Example(s): Assume you purchased a $1,000 face value bond for $900. The market discount is $100 ($1,000 - $900 = $100).
Why do you get a discount? Bond prices, like the prices of other securities, may fluctuate. The two most important factors are changes in market risk and changes in the interest rate. Changes in value related to risk are generally taxed at the favorable capital gains rates, but interest income is generally subject to higher ordinary tax rates. (Congress believes that if a portion of the difference between the face and purchase price represents interest, then ordinary rates should apply.)
Technical Note: Market discount is different from original issue discount (OID), which applies when a bond is originally issued at a price below its par value; in such a case, the difference between the issue price and the redemption price takes the place of periodic interest payments on the bond. The difference is important because income derived from market discount is treated differently from original issue discount by the tax code. However, it's possible for a single bond to have both types.
What Portion Is Taxed As Ordinary Income Rates?
You can elect to either: (1) Include the market discount in income currently as interest income (which increases your basis in the bond), or (2) On disposition of the bond, treat any gain up to the amount of the accrued market discount as ordinary interest income. Any excess is taxed as capital gain.
Example(s): Assume Ken buys a bond with a $1,000 redemption price for $800; the market discount on the bond is $200. If Ken later redeems the bond at maturity for $1,000, then: (1) $200 is reported on Schedule B as accrued market discount; and (2)(a) redemption (sale) of the bond is reported on Schedule D, showing a gain of $200 ($1,000 - $800), and (b) on the next line of Schedule D, Ken enters "Accrued Market Discount" as a $200 loss in column (f). If Ken sells the bond for more than $1,000, any excess gain is taxed as capital gain.
How Do You Calculate Amounts Subject To Ordinary Rates?
How do you calculate the amount that is subject to the market discount rule? The accrued market discount is determined by using either the (1) ratable accrual method or (2) the constant interest method. Both methods start with the market discount—redemption minus purchase price.
The Ratable Accrual Method
The amount of market discount that has accrued is calculated by the ratable accrual method, unless you elect the constant interest method. To compute the accrued market discount under the ratable accrual method, you take the total market discount and multiply it by a ratio. The ratio is simple--it's the number of days you have owned the bond over the number of days to maturity after you bought it. If you bought the bond when issued, the ratio is one.
Example(s): You buy a $1,000 X bond at $900 (a market discount of $100) and sell it 100 days later for $915--for a gain of $15. When you purchased the bond, there were 1,000 days until maturity. What's the accrued market discount (i.e., the amount of the gain taxed as ordinary income)? It's $100 x 100/1000 (10 percent) = $10. Ten dollars of the gain is ordinary income, and $5 is short-term capital gain.

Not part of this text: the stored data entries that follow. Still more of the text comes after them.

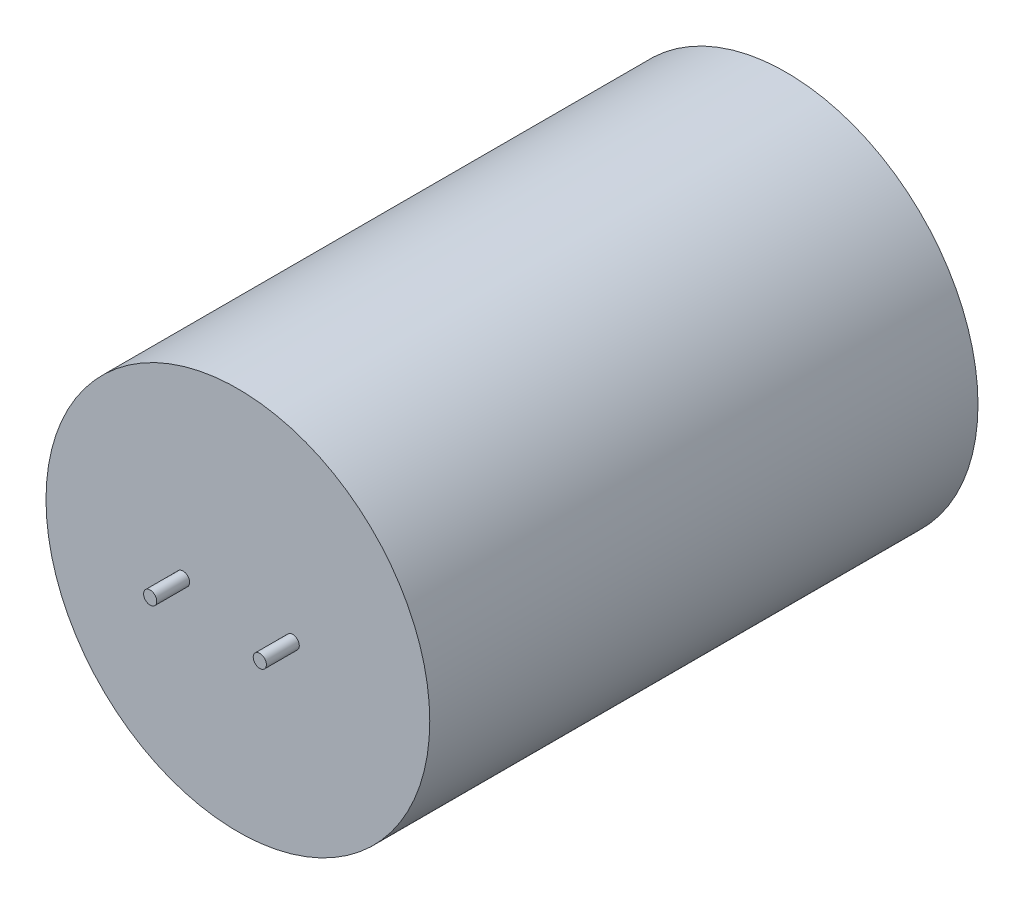
from build123d import *

# Parameters (mm, degrees)
SKETCH_1_R      = 17.5
EXTRUDE_1_DEPTH = 50
SKETCH_2_R      = 0.6
EXTRUDE_2_DEPTH = 3


with BuildPart() as part:
    # Эскиз1 → Вытянуть1 (new body)
    with BuildSketch(Plane.XY):
        Circle(SKETCH_1_R)
    extrude(amount=EXTRUDE_1_DEPTH)

    # Эскиз2 → Вытянуть2 (add)
    with BuildSketch(Plane.XY.offset(50)):
        with Locations((-5, 0)):
            Circle(SKETCH_2_R)
        with Locations((5, 0)):
            Circle(SKETCH_2_R)
    extrude(amount=EXTRUDE_2_DEPTH)


solid = part.part
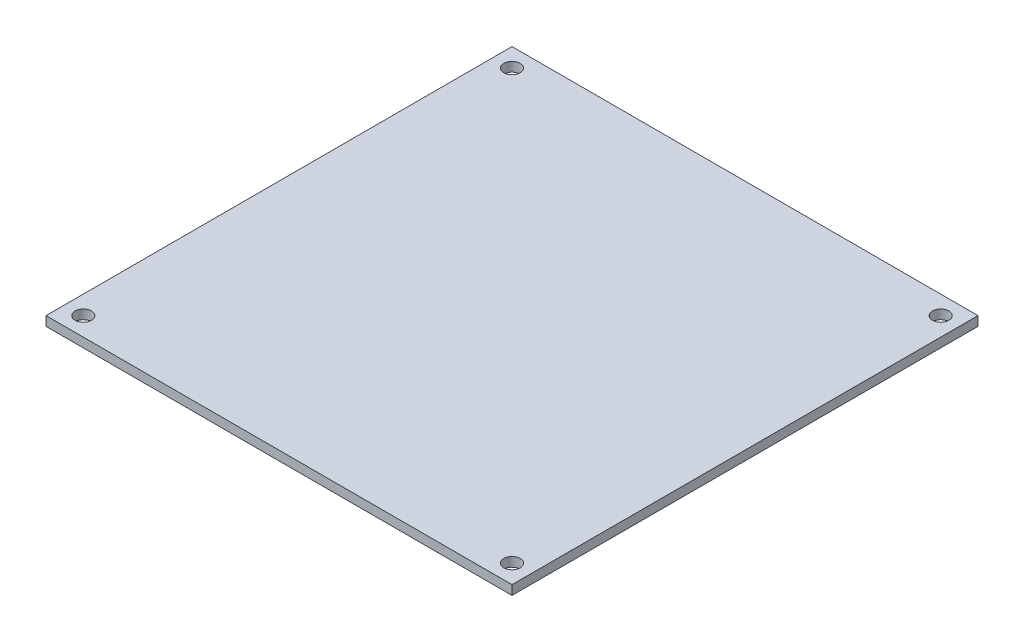
from build123d import *

# Parameters (mm, degrees)
SKETCH_2_W      = 100
SKETCH_2_H      = 100
SKETCH_2_R      = 1.75
EXTRUDE_1_DEPTH = 2


with BuildPart() as part:
    # 스케치2 → 보스-돌출1 (new body)
    with BuildSketch(Plane(origin=(0, 0, 0), x_dir=(1, 0, 0), z_dir=(0, 1, 0))):
        Rectangle(SKETCH_2_W, SKETCH_2_H)
        with Locations(Location((-46, 46, 0), (0, 0, 270))):
            Circle(SKETCH_2_R, mode=Mode.SUBTRACT)
        with Locations(Location((46, 46, 0), (0, 0, 90))):
            Circle(SKETCH_2_R, mode=Mode.SUBTRACT)
        with Locations(Location((46, -46, 0), (0, 0, 270))):
            Circle(SKETCH_2_R, mode=Mode.SUBTRACT)
        with Locations(Location((-46, -46, 0), (0, 0, 90))):
            Circle(SKETCH_2_R, mode=Mode.SUBTRACT)
    extrude(amount=EXTRUDE_1_DEPTH)


solid = part.part

The Constant Interest Method
To use this method, you must make an irrevocable election. This allows you to treat the built-in interest as Original Issue Discount. This effectively accelerates interest recognition, but not for an accrual taxpayer. Since (as an individual) you are probably not on the accrual method, you probably don't need to consider this method.
Recognize Ordinary Income First
Any partial payment of principal on a market discount bond is ordinary income to the extent of accrued market discount. In other words, you pay ordinary tax first.
Exceptions to the Rule
The market discount rule does not apply to debt instruments that mature within one year of issuance, U.S. savings bonds, installment bonds, or tax-exempt bonds issued before May 1, 1993.
Generally, interest expense incurred to purchase a market discount bond may be deducted currently only to the extent it exceeds the market discount allocable to the number of days the bond is held. Any interest deductions deferred under this rule are allowed in the year of disposition of the bond.